One of the drawbacks of CBA* is that is keeps searching over problematic areas of the state space. For example, even if one of the states at the higher depth levels contains a premise that is logically impossible, the children of that node will still be added to the queue and expanded. This creates additional expansions that are not needed. To address the issue of searching spaces that we don't need to, we can apply a pruning strategy to CBA* to imrpove the computational processing time.

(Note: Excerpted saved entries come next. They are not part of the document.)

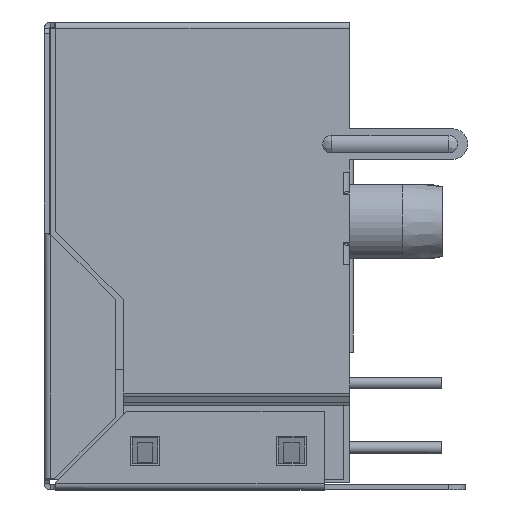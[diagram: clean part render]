
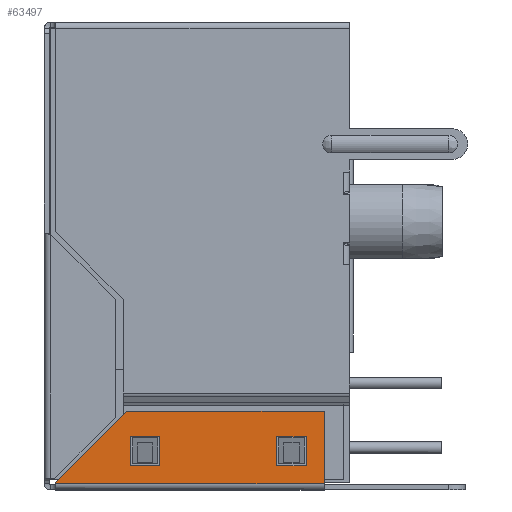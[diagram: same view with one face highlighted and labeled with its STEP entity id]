
A CAD part, left-side view. The second image highlights one B-rep face of the part: STEP entity #63497.
In plain terms, the highlighted planar face has unit normal (-1, 0, 0).
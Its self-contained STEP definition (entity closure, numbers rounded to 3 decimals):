
#437 = LINE ( 'NONE', #15104, #49154 ) ;
#512 = LINE ( 'NONE', #66749, #61142 ) ;
#621 = ORIENTED_EDGE ( 'NONE', *, *, #53207, .T. ) ;
#1085 = VECTOR ( 'NONE', #66073, 1000. ) ;
#2873 = DIRECTION ( 'NONE',  ( 0., 0.707, -0.707 ) ) ;
#2953 = DIRECTION ( 'NONE',  ( -1., 0., 0. ) ) ;
#3156 = CARTESIAN_POINT ( 'NONE',  ( -29.5, -3.145, -8.251 ) ) ;
#3959 = FACE_BOUND ( 'NONE', #29592, .T. ) ;
#4478 = VERTEX_POINT ( 'NONE', #22803 ) ;
#4897 = CARTESIAN_POINT ( 'NONE',  ( -29.5, 5.543, -8.951 ) ) ;
#5461 = LINE ( 'NONE', #19885, #10014 ) ;
#6989 = CARTESIAN_POINT ( 'NONE',  ( -29.5, 2.605, -8.251 ) ) ;
#9413 = ORIENTED_EDGE ( 'NONE', *, *, #43607, .T. ) ;
#9445 = ORIENTED_EDGE ( 'NONE', *, *, #21681, .F. ) ;
#9524 = CARTESIAN_POINT ( 'NONE',  ( -29.5, -5.211, -8.251 ) ) ;
#9581 = DIRECTION ( 'NONE',  ( 0., 0., -1. ) ) ;
#9731 = FACE_BOUND ( 'NONE', #72329, .T. ) ;
#10014 = VECTOR ( 'NONE', #50106, 1000. ) ;
#10704 = EDGE_CURVE ( 'NONE', #52799, #46683, #71140, .T. ) ;
#11021 = DIRECTION ( 'NONE',  ( 0., -1., 0. ) ) ;
#12224 = DIRECTION ( 'NONE',  ( 0., 1., 0. ) ) ;
#12351 = EDGE_CURVE ( 'NONE', #4478, #56018, #74597, .T. ) ;
#13058 = CARTESIAN_POINT ( 'NONE',  ( -29.5, -5., -8.951 ) ) ;
#15104 = CARTESIAN_POINT ( 'NONE',  ( -29.5, 2.605, -6.024 ) ) ;
#17156 = CARTESIAN_POINT ( 'NONE',  ( -29.5, -5., -6.024 ) ) ;
#17629 = CARTESIAN_POINT ( 'NONE',  ( -29.5, -5.211, -6.101 ) ) ;
#18092 = DIRECTION ( 'NONE',  ( 0., 0., -1. ) ) ;
#19599 = EDGE_LOOP ( 'NONE', ( #9445, #67479, #56314, #35001, #74691 ) ) ;
#19744 = ORIENTED_EDGE ( 'NONE', *, *, #12351, .T. ) ;
#19751 = VECTOR ( 'NONE', #55737, 1000. ) ;
#19885 = CARTESIAN_POINT ( 'NONE',  ( -29.5, -3.145, -6.024 ) ) ;
#20434 = PLANE ( 'NONE',  #64600 ) ;
#21681 = EDGE_CURVE ( 'NONE', #40056, #27289, #58455, .T. ) ;
#22007 = VERTEX_POINT ( 'NONE', #38034 ) ;
#22803 = CARTESIAN_POINT ( 'NONE',  ( -29.5, 1.455, -8.251 ) ) ;
#23699 = CARTESIAN_POINT ( 'NONE',  ( -29.5, -4.295, -6.024 ) ) ;
#25584 = EDGE_CURVE ( 'NONE', #36124, #22007, #41264, .T. ) ;
#25692 = VECTOR ( 'NONE', #2873, 1000. ) ;
#25715 = CARTESIAN_POINT ( 'NONE',  ( -29.5, 2.605, -7.101 ) ) ;
#27156 = ORIENTED_EDGE ( 'NONE', *, *, #10704, .T. ) ;
#27157 = CARTESIAN_POINT ( 'NONE',  ( -29.5, 2.75, -6.101 ) ) ;
#27182 = VECTOR ( 'NONE', #58178, 1000. ) ;
#27289 = VERTEX_POINT ( 'NONE', #4897 ) ;
#27569 = CARTESIAN_POINT ( 'NONE',  ( -29.5, -4.295, -8.251 ) ) ;
#28182 = LINE ( 'NONE', #17629, #66720 ) ;
#28316 = EDGE_CURVE ( 'NONE', #41098, #52799, #75872, .T. ) ;
#28424 = CARTESIAN_POINT ( 'NONE',  ( -29.5, -5.211, -7.101 ) ) ;
#28469 = CARTESIAN_POINT ( 'NONE',  ( -29.5, -4.295, -7.101 ) ) ;
#28540 = EDGE_CURVE ( 'NONE', #58259, #4478, #512, .T. ) ;
#28708 = VECTOR ( 'NONE', #67755, 1000. ) ;
#28829 = VECTOR ( 'NONE', #65834, 1000. ) ;
#29212 = EDGE_CURVE ( 'NONE', #56018, #69619, #437, .T. ) ;
#29592 = EDGE_LOOP ( 'NONE', ( #42643, #19744, #33779, #51431 ) ) ;
#30916 = EDGE_CURVE ( 'NONE', #22007, #27289, #72004, .T. ) ;
#32387 = VECTOR ( 'NONE', #11021, 1000. ) ;
#33779 = ORIENTED_EDGE ( 'NONE', *, *, #29212, .T. ) ;
#35001 = ORIENTED_EDGE ( 'NONE', *, *, #25584, .T. ) ;
#35769 = CARTESIAN_POINT ( 'NONE',  ( -29.5, -5., -6.101 ) ) ;
#36124 = VERTEX_POINT ( 'NONE', #27157 ) ;
#37723 = DIRECTION ( 'NONE',  ( 0., 0., -1. ) ) ;
#38034 = CARTESIAN_POINT ( 'NONE',  ( -29.5, 5.543, -8.894 ) ) ;
#38332 = CARTESIAN_POINT ( 'NONE',  ( -29.5, 1.455, -7.101 ) ) ;
#38780 = LINE ( 'NONE', #28424, #32387 ) ;
#40056 = VERTEX_POINT ( 'NONE', #13058 ) ;
#40466 = VERTEX_POINT ( 'NONE', #35769 ) ;
#40696 = VECTOR ( 'NONE', #9581, 1000. ) ;
#41098 = VERTEX_POINT ( 'NONE', #28469 ) ;
#41264 = LINE ( 'NONE', #60908, #25692 ) ;
#42643 = ORIENTED_EDGE ( 'NONE', *, *, #28540, .T. ) ;
#43607 = EDGE_CURVE ( 'NONE', #67095, #41098, #38780, .T. ) ;
#44680 = CARTESIAN_POINT ( 'NONE',  ( -29.5, 5.543, -6.024 ) ) ;
#46683 = VERTEX_POINT ( 'NONE', #3156 ) ;
#49154 = VECTOR ( 'NONE', #73624, 1000. ) ;
#50074 = CARTESIAN_POINT ( 'NONE',  ( -29.5, -5.211, -7.101 ) ) ;
#50106 = DIRECTION ( 'NONE',  ( 0., 0., 1. ) ) ;
#51431 = ORIENTED_EDGE ( 'NONE', *, *, #68142, .T. ) ;
#52799 = VERTEX_POINT ( 'NONE', #27569 ) ;
#53207 = EDGE_CURVE ( 'NONE', #46683, #67095, #5461, .T. ) ;
#55737 = DIRECTION ( 'NONE',  ( 0., 1., 0. ) ) ;
#56018 = VERTEX_POINT ( 'NONE', #6989 ) ;
#56314 = ORIENTED_EDGE ( 'NONE', *, *, #66004, .T. ) ;
#56558 = DIRECTION ( 'NONE',  ( 0., 0., 1. ) ) ;
#57935 = CARTESIAN_POINT ( 'NONE',  ( -29.5, -5., -8.951 ) ) ;
#58178 = DIRECTION ( 'NONE',  ( 0., 1., 0. ) ) ;
#58259 = VERTEX_POINT ( 'NONE', #38332 ) ;
#58455 = LINE ( 'NONE', #57935, #27182 ) ;
#58466 = ORIENTED_EDGE ( 'NONE', *, *, #28316, .T. ) ;
#60884 = LINE ( 'NONE', #50074, #28708 ) ;
#60908 = CARTESIAN_POINT ( 'NONE',  ( -29.5, 2.75, -6.101 ) ) ;
#60961 = CARTESIAN_POINT ( 'NONE',  ( -29.5, -5.211, -8.251 ) ) ;
#61114 = EDGE_CURVE ( 'NONE', #40056, #40466, #75729, .T. ) ;
#61142 = VECTOR ( 'NONE', #37723, 1000. ) ;
#61959 = CARTESIAN_POINT ( 'NONE',  ( -29.5, -5.211, -6.024 ) ) ;
#63497 = ADVANCED_FACE ( 'NONE', ( #3959, #9731, #69127 ), #20434, .T. ) ;
#64600 = AXIS2_PLACEMENT_3D ( 'NONE', #61959, #2953, #56558 ) ;
#65834 = DIRECTION ( 'NONE',  ( 0., 0., 1. ) ) ;
#66004 = EDGE_CURVE ( 'NONE', #40466, #36124, #28182, .T. ) ;
#66073 = DIRECTION ( 'NONE',  ( 0., 1., 0. ) ) ;
#66631 = VECTOR ( 'NONE', #18092, 1000. ) ;
#66720 = VECTOR ( 'NONE', #12224, 1000. ) ;
#66749 = CARTESIAN_POINT ( 'NONE',  ( -29.5, 1.455, -6.024 ) ) ;
#67095 = VERTEX_POINT ( 'NONE', #68233 ) ;
#67479 = ORIENTED_EDGE ( 'NONE', *, *, #61114, .T. ) ;
#67755 = DIRECTION ( 'NONE',  ( 0., -1., 0. ) ) ;
#68142 = EDGE_CURVE ( 'NONE', #69619, #58259, #60884, .T. ) ;
#68233 = CARTESIAN_POINT ( 'NONE',  ( -29.5, -3.145, -7.101 ) ) ;
#69127 = FACE_OUTER_BOUND ( 'NONE', #19599, .T. ) ;
#69619 = VERTEX_POINT ( 'NONE', #25715 ) ;
#71140 = LINE ( 'NONE', #9524, #19751 ) ;
#72004 = LINE ( 'NONE', #44680, #40696 ) ;
#72329 = EDGE_LOOP ( 'NONE', ( #58466, #27156, #621, #9413 ) ) ;
#73624 = DIRECTION ( 'NONE',  ( 0., 0., 1. ) ) ;
#74597 = LINE ( 'NONE', #60961, #1085 ) ;
#74691 = ORIENTED_EDGE ( 'NONE', *, *, #30916, .T. ) ;
#75729 = LINE ( 'NONE', #17156, #28829 ) ;
#75872 = LINE ( 'NONE', #23699, #66631 ) ;

# Conflict-Directed A* Search 

Conflicts refer to a partial set of assignments to decision variables which cannot all be true at once. To identify a conflict, we modify the consistent function that was written above.

In [None]:
def consistent_conflicts(assignment,gamma):
    
    
    #is concsistent is a boolean, and conflict is the conflict
    
    # for each assignment ci, for ci in constitutent_kernel, if its self-consistent
    return (is_consistent,conflict)

Combining it all together, Conflict directed A* is shown in the algorithm below

In [None]:
def cda_start()
    queue=[]
    rho=[] # list of conflicts
    expanded_list=[]
    
    while queue !empty:
        assignment=queue.pop() ## takes first element from assignment
        expanded_list.append(assignment)
        if assignment is full assignment to decision:# (i.e. if assignment matches teh goal)
            is_consistent, conflict = consistent(assignment)
            if is_consistent:
                return assignment
            else
                rho.add(conflict)
                new_queue =search_queue_for_conflict(queue,conflict)
        else:
            if assignment fixes rho
                xi=decision variable not assigned in assignment
                neighbors=split_on_variable(assignment,xi)
            else if assignment doesnt resolve conflict in rho:
                neighbors = consistent conflicts(assignment,gamma)
                for each in neighbors:
                    if not in expanded_list:
                        queue.add(each)
                        
    #if the code gets here, then its looked through everything but couldnt find it           
    return no solution

In [None]:
def search_queue_for_conflict(queue,conflict)

    return queue

**Result:** The outcome of the CDA* search is the best possible diagnoses for what caused the system, based on what is defined as a consistent result. The CDA* search process is more computationally effective than alternatives like the former simple search or CBA*.